St. Vincent performs at the 9:30 Club.

Annie Clark — aka St. Vincent — kicked off a sold-out two-night stand at the 9:30 Club on Saturday, showcasing songs from her self-titled album while flaunting the superb live chops that make her one of the truly outstanding performers in contemporary indie music.

Currently on her first tour since an extended collaboration with David Byrne, the 31-year-old Clark has clearly picked up some tendencies from the art-pop elder statesman. Over the jittery avant-funk beat of the set-opening “Rattlesnake,” she started the show with a choreographed dance that featured shimmies, bunny hops, a graceful bow, and martial-arts poses, all of which were reminiscent of Byrne’s eccentric stage routines during the Love This Giant tour. When she picked up her Music Man guitar after the first verse, fans cheered in anticipation before had she played a single note, and they flat-out shrieked when she unleashed the song’s jagged six-string solo, her face brightening into a grin as she coaxed her instrument into an dissonantly virtuosic roar.

Displays of dazzling musicianship, overt theatricality, and quirky charm continued throughout the 21-song set, which featured older favorites like “Cruel” and “Marrow” alongside new standouts like “Digital Witness” and “Birth In Reverse.” While crooning the ballad “I Prefer Your Love,” Clark lounged on a three-stepped stage prop that looked like a Modernist ziggurat, fully reclining to sing part of the last verse in a supine position, perhaps in allusion to a line from the gorgeous “Prince Johnny” (“We had such a laugh of it / prostrate on my carpet”), which she dramatically delivered two songs later from the heights of the top step.

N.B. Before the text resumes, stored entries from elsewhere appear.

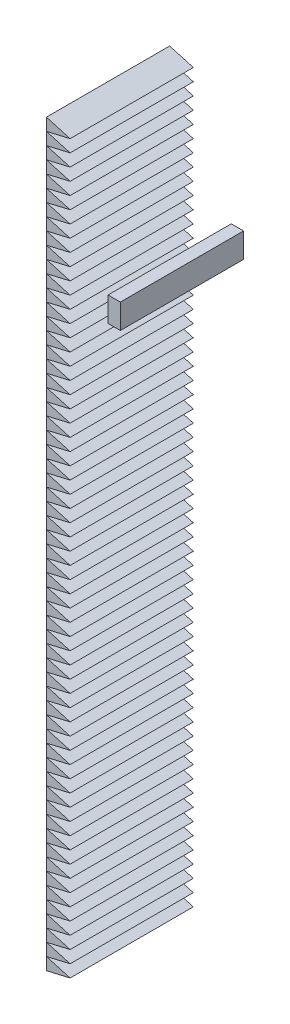
SolidWorks part; units mm, degrees
ref_plane "前基準面" through (0, 0, 0) normal (0, 0, 1) x (1, 0, 0)
ref_plane "上基準面" through (0, 0, 0) normal (0, 1, 0) x (1, 0, 0)
ref_plane "右基準面" through (0, 0, 0) normal (1, 0, 0) x (0, 0, -1)
sketch "草圖2" plane through (0, 0, 0) normal (0, 0, 1) x (1, 0, 0)
  line L1 (50, 500) -> (60, 500)
  line L2 (50, 500) -> (50, 480)
  line L3 (50, 480) -> (60, 480)
  line L4 (60, 500) -> (60, 480)
  dimension "D1" = 20
  dimension "D2" = 10
  dimension "D3" = 50
  dimension "D4" = 480
extrude "填料-伸長2" add sketch "草圖2" along normal blind 100 separate body
sketch "草圖1" plane through (0, 0, 0) normal (0, 0, 1) x (1, 0, 0)
  line L0 (0, 0) -> (0, 10)
  line L1 (0, 10) -> (19.2252, 4.4873)
  line L3 (19.2252, 4.4873) -> (0, 0)
  dimension "D1" = 10
  dimension "D2" = 20
  dimension "D4" = 74
extrude "填料-伸長1" add sketch "草圖1" along normal blind 100
pattern_linear "直線複製排列1" count 60 spacing 10 along (0, 1, 0) of "填料-伸長1"
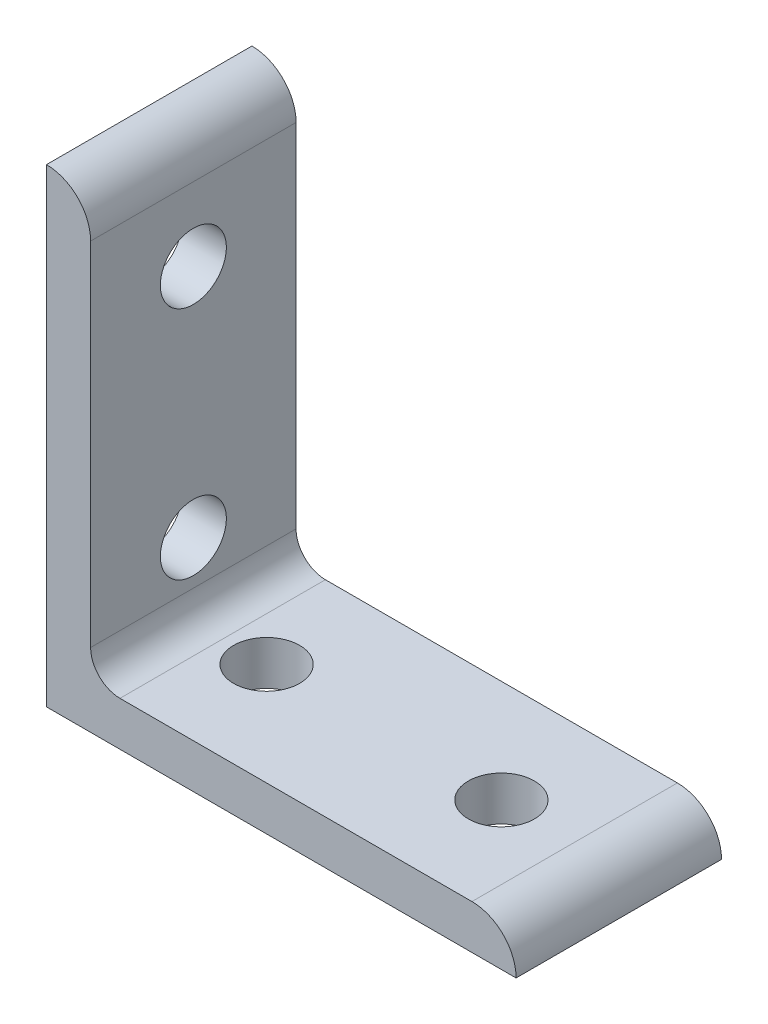
SolidWorks part; units mm, degrees
material "6061-T6 (SS)"
ref_plane "Front Plane" through (0, 0, 0) normal (0, 0, 1) x (1, 0, 0)
ref_plane "Top Plane" through (0, 0, 0) normal (0, 1, 0) x (1, 0, 0)
ref_plane "Right Plane" through (0, 0, 0) normal (1, 0, 0) x (0, 0, -1)
sketch "Sketch1" plane through (0, 0, 0) normal (0, 0, 1) x (1, 0, 0)
  line L0 (0, 0) -> (0, 50.8)
  line L1 (4.7752, 46.0248) -> (4.7752, 50.8) construction
  line L2 (4.7752, 46.0248) -> (4.7752, 7.9502)
  line L3 (7.9502, 4.7752) -> (46.0248, 4.7752)
  line L4 (4.7752, 50.8) -> (0, 50.8) construction
  line L5 (50.8, 0) -> (0, 0)
  line L6 (46.0248, 4.7752) -> (50.8, 4.7752) construction
  line L7 (50.8, 4.7752) -> (50.8, 0) construction
  arc A0 (4.7752, 46.0248) -> (0, 50.8) centre (0, 46.0248) ccw
  arc A1 (50.8, 0) -> (46.0248, 4.7752) centre (46.0248, 0) ccw
  arc A2 (4.7752, 7.9502) -> (7.9502, 4.7752) centre (7.9502, 7.9502) ccw
  point P10 (4.7752, 48.4124)
  dimension "E" = 3.175
  dimension "D" = 4.7752
  dimension "C" = 50.8
  dimension "B" = 50.8
extrude "Boss-Extrude1" add sketch "Sketch1" along normal mid plane 22.225
sketch "Sketch2" plane through (0, 0, 0) normal (0, 1, 0) x (1, 0, 0)
  line L0 (0, 0) -> (12.7, 0) construction
  line L1 (12.7, 0) -> (38.1, 0) construction
  circle A0 centre (12.7, 0) radius 3.5687
  circle A1 centre (38.1, 0) radius 3.5687
extrude "Cut-Extrude1" cut sketch "Sketch2" along normal through all
sketch "Sketch3" plane through (0, 0, 0) normal (1, 0, 0) x (0, 0, -1)
  line L0 (0, 0) -> (0, 12.7) construction
  line L1 (0, 12.7) -> (0, 38.1) construction
  circle A0 centre (0, 12.7) radius 3.5687
  circle A1 centre (0, 38.1) radius 3.5687
  dimension "D1" = 12.7
  dimension "D2" = 25.4
extrude "Cut-Extrude2" cut sketch "Sketch3" along normal through all
equation "\"E@Sketch3\" = \"E@Sketch2\""
equation "\"D1@Sketch3\" = \"D1@Sketch2\""
equation "\"D2@Sketch3\" = \"D2@Sketch2\""
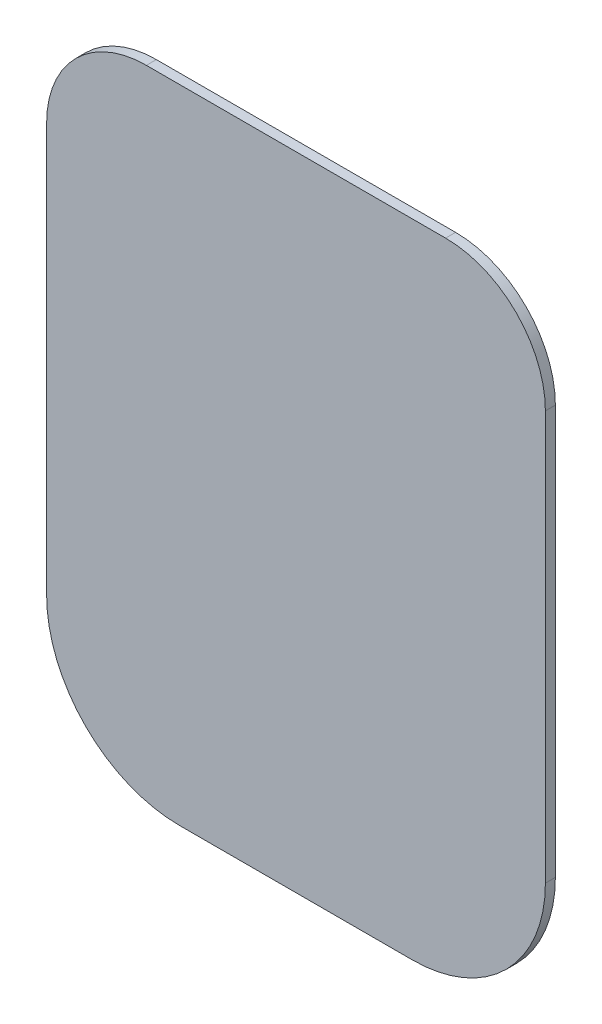
SolidWorks part; units mm, degrees
ref_plane "Front Plane" through (0, 0, 0) normal (0, 0, 1) x (1, 0, 0)
ref_plane "Top Plane" through (0, 0, 0) normal (0, 1, 0) x (1, 0, 0)
ref_plane "Right Plane" through (0, 0, 0) normal (1, 0, 0) x (0, 0, -1)
sketch "Sketch1" plane through (0, 0, 0) normal (0, 0, 1) x (1, 0, 0)
  line L0 (0, 96.5) -> (0, -96.5) construction
  line L1 (-75, 96.5) -> (75, 96.5) construction
  line L2 (-75, 96.5) -> (-75, -96.5) construction
  line L3 (-75, -96.5) -> (75, -96.5) construction
  line L4 (75, 96.5) -> (75, -96.5) construction
  line L5 (-45, 96.5) -> (45, 96.5)
  line L6 (-35, -96.5) -> (35, -96.5) construction
  line L7 (-75, 66.5) -> (75, 66.5) construction
  line L8 (-75, 66.5) -> (-75, -56.5)
  line L9 (-75, -56.5) -> (75, -56.5) construction
  line L10 (75, 66.5) -> (75, -56.5)
  line L11 (-0.5, -96.5) -> (0.5, -96.5) construction
  line L12 (-35, -96.5) -> (-0.5, -96.5)
  line L13 (0.5, -96.5) -> (35, -96.5)
  line L14 (-0.5, -96.5) -> (0.5, -96.5)
  arc A0 (-75, 66.5) -> (-45, 96.5) centre (-45, 66.5) cw
  arc A1 (45, 96.5) -> (75, 66.5) centre (45, 66.5) cw
  arc A2 (-75, -56.5) -> (-35, -96.5) centre (-35, -56.5) ccw
  arc A3 (35, -96.5) -> (75, -56.5) centre (35, -56.5) ccw
  point P6 (0, 0)
  point P10 (0, 96.5)
  point P19 (0, -96.5)
  point P23 (0, -96.5)
  dimension "D3" = 40
  dimension "D4" = 30
  dimension "D1" = 193
  dimension "D2" = 150
  dimension "D5" = 1
  dimension "D6" = 96.5
extrude "Boss-Extrude1" add sketch "Sketch1" along normal blind 3

Backed ably by Matt Johnson on drums, Daniel Mintseris on keyboards, and Toko Yusada on Minimoog and guitar, Clark turned the beat-heavy “Huey Newton” into a late-set highlight, and her voice rose to a stirring falsetto during the always exhilarating “Northern Lights.” While she didn’t dive into the crowd during the set-capping rocker “Krokodil,” as she often did during her Strange Mercy tour, Clark whipped fans into a frenzy as she flailed about and writhed on the stage floor amidst dizzying strobe lights. Her customary show-stopper, “Your Lips Are Red,” closed out the three-song encore, the song’s epic riffs and lilting denouement culminating what will surely go down as one of the best local shows of the year.